There is a real fear of AI and what it could do to writers; a major concern is the loss of human storytelling, its quality and originality. 

Secondly, writers, editors and other creative professionals being replaced by AI generators. For example, if the industry was to have AI generate a novel and then have a writer adapt it, that would not only deny a human writer the royalties of having their book used for tv or film (and all of the benefits from having that happen: notoriety, future contracts etc), it would also reduce the wages for the writers and editors.

There are ethical considerations with authorship, intellectual property rights, and transparency. Where do you think AI goes for ideas? It scans the internet for, among other things, previously written novels by humans.

If this were permitted, it would devalue writers. Further, the loss of creative control and the impact on diversity and representation as algorithms may be trained on biased datasets. 

Thankfully, the outcome was in favour of the writers – for now…

According to the Guardian, “Hollywood writers scored a major victory…in the battle over artificial intelligence with a new contract featuring strong guardrails in how the technology can be used in film and television projects.
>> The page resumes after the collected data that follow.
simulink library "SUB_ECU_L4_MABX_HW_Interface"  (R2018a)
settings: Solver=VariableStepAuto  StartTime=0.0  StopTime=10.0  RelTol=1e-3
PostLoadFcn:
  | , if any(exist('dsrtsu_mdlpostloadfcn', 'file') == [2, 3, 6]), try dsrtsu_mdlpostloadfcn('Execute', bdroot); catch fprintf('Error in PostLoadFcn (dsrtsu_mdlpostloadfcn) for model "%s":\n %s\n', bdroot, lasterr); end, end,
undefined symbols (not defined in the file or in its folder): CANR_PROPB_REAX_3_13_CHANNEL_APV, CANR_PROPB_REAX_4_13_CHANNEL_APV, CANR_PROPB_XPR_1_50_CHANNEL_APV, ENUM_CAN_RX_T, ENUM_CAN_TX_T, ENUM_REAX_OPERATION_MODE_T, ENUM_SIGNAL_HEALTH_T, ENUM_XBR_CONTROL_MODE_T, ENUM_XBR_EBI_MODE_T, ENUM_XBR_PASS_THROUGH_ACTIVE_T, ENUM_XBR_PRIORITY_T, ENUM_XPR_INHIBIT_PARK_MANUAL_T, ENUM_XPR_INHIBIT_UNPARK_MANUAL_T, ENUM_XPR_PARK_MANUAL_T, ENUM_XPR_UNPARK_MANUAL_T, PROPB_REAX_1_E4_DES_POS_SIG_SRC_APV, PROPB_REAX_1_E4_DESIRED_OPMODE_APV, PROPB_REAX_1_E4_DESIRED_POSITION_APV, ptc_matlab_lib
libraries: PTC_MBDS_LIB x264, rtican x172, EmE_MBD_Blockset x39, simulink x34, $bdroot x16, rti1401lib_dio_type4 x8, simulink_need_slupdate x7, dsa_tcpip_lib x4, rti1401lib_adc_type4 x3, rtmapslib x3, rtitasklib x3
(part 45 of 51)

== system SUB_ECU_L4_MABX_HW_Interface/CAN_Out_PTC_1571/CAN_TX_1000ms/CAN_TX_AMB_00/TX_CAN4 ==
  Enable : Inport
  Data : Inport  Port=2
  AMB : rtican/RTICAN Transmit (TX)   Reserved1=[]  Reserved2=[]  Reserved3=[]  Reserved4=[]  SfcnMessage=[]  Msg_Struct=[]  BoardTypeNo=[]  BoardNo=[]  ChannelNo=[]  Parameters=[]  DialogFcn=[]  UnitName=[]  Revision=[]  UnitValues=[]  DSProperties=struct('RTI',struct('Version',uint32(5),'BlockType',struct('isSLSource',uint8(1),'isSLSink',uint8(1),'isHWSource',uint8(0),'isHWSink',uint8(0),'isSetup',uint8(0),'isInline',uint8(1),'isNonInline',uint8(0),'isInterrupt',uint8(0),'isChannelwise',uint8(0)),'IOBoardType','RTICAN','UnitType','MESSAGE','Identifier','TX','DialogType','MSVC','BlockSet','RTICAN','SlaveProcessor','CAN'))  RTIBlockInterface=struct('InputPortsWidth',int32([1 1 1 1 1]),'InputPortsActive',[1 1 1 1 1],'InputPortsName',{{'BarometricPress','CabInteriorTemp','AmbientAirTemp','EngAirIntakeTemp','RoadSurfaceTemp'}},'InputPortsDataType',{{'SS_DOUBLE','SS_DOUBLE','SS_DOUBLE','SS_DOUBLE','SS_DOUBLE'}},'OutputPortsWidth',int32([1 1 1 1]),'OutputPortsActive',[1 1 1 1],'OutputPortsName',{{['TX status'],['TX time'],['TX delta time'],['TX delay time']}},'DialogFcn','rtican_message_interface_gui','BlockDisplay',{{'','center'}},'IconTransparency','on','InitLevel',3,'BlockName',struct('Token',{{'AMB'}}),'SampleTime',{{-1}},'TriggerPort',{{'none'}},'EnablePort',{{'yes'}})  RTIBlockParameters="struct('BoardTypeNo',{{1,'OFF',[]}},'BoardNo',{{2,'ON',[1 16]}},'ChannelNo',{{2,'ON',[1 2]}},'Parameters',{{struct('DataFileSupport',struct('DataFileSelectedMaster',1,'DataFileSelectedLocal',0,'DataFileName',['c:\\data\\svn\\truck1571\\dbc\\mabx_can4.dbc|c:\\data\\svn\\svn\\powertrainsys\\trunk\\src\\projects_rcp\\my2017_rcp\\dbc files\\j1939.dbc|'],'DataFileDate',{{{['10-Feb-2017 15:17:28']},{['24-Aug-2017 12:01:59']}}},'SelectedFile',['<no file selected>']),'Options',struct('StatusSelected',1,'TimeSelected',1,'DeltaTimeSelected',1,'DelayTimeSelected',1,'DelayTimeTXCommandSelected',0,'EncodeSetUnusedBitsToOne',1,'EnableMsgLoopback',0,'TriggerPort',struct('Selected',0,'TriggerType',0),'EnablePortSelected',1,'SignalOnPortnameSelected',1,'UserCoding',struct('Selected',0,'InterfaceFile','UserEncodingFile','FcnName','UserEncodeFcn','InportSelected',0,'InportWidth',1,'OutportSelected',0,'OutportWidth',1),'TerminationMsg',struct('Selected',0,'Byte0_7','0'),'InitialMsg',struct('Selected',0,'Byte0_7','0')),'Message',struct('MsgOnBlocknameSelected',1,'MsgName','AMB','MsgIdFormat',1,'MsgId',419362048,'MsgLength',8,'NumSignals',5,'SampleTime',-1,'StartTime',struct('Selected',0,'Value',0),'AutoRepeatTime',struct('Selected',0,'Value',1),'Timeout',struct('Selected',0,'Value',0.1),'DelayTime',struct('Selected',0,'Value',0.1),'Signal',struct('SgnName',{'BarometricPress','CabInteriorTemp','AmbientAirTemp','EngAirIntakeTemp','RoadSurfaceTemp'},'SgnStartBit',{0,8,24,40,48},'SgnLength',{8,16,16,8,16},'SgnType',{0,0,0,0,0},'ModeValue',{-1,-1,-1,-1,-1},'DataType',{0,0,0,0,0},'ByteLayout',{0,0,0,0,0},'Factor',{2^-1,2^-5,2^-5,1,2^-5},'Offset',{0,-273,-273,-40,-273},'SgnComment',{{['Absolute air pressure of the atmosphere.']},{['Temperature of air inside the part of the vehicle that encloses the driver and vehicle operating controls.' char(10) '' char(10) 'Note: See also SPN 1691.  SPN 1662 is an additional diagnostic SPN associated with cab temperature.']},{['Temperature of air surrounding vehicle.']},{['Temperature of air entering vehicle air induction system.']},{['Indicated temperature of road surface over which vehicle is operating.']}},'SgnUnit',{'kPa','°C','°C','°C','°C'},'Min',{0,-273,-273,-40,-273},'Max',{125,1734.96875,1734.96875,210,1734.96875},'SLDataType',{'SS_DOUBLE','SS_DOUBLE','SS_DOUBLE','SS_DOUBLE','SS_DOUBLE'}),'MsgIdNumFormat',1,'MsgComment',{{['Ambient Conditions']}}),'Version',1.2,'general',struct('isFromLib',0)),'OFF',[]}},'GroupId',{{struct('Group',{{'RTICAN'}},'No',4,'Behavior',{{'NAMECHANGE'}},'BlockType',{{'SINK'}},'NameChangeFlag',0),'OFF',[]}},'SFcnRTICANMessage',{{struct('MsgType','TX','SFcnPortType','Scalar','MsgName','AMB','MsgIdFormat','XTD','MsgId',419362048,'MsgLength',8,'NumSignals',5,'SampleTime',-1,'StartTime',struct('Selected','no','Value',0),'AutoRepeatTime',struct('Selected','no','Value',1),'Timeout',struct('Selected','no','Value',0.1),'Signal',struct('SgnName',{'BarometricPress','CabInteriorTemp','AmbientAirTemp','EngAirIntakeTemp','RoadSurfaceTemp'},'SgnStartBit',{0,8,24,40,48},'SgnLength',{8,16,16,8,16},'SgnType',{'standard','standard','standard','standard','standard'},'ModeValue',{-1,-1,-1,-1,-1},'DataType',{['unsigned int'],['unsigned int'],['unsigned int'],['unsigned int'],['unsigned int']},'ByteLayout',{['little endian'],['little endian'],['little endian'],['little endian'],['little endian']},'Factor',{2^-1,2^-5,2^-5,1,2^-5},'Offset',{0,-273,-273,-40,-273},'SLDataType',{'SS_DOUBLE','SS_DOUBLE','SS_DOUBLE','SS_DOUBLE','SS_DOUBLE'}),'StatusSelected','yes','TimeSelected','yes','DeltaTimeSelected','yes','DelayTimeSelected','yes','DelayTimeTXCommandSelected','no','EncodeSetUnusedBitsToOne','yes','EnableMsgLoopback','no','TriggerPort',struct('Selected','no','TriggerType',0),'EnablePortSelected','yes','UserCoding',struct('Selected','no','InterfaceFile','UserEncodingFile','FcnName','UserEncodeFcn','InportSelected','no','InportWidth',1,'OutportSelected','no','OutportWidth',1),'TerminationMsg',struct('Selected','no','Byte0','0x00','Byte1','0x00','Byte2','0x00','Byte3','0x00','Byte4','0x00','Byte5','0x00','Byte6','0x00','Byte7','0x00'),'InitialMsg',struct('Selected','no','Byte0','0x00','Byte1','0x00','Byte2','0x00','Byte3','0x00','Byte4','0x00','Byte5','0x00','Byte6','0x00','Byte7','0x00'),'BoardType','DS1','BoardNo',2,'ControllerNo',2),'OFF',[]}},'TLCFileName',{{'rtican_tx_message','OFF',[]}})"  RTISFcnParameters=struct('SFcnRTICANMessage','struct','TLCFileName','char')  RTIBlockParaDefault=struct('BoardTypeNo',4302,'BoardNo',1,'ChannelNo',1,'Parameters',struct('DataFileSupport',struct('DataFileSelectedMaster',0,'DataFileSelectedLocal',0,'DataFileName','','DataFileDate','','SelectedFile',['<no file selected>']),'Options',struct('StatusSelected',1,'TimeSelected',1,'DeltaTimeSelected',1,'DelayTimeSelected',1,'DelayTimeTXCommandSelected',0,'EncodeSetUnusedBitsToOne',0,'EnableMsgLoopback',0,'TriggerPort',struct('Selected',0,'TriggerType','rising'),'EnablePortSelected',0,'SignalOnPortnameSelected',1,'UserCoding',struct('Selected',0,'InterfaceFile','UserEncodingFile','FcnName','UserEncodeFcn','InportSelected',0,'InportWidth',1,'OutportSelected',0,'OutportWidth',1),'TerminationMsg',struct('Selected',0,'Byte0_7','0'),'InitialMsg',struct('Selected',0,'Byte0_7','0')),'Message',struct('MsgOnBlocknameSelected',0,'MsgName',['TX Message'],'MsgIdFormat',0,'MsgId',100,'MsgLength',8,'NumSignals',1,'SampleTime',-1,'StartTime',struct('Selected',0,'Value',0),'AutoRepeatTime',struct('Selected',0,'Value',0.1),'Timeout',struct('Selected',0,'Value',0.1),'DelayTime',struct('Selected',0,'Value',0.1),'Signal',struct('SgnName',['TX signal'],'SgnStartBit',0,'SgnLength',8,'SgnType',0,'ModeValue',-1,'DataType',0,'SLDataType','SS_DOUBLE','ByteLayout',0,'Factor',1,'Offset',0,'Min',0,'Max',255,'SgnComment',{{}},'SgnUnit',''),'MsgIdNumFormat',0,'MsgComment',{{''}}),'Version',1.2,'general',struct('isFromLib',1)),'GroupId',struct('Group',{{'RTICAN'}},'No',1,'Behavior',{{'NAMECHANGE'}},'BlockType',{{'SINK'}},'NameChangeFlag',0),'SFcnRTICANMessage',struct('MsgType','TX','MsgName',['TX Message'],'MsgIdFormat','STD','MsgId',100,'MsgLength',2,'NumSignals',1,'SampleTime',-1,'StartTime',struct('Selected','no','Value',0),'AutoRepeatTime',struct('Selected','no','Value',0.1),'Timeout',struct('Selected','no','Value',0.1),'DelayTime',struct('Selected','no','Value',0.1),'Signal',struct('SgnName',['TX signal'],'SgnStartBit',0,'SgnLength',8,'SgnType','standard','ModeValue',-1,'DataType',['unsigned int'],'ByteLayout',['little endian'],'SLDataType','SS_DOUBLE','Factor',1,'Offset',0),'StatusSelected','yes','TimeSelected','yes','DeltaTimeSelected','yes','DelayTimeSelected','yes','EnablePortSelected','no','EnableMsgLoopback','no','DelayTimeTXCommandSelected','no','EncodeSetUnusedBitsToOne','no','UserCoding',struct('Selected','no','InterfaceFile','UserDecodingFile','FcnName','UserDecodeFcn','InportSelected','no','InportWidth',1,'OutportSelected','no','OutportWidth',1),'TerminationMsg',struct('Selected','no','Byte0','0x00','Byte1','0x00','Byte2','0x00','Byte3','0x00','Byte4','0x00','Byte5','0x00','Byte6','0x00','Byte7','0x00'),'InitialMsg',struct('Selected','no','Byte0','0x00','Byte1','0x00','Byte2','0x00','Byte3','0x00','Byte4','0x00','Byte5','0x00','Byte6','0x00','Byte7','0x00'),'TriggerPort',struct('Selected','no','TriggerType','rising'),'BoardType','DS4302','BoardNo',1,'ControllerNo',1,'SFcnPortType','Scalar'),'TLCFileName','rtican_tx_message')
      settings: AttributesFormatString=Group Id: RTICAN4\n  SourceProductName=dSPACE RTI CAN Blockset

The writers’ contract does not outlaw the use of AI tools in the writing process, but it sets up guardrails to make sure the new technology stays in the control of workers, rather than being used by their bosses to replace them.”

In a decision that could easily be a model for other industries, “This is the first step on a long process of negotiating and working through what generative AI means for the creative industry – not just writers but visual artists, actors, you name it,” says David Gunkel, a professor of media studies at Northern Illinois University and author of Person, Thing, Robot.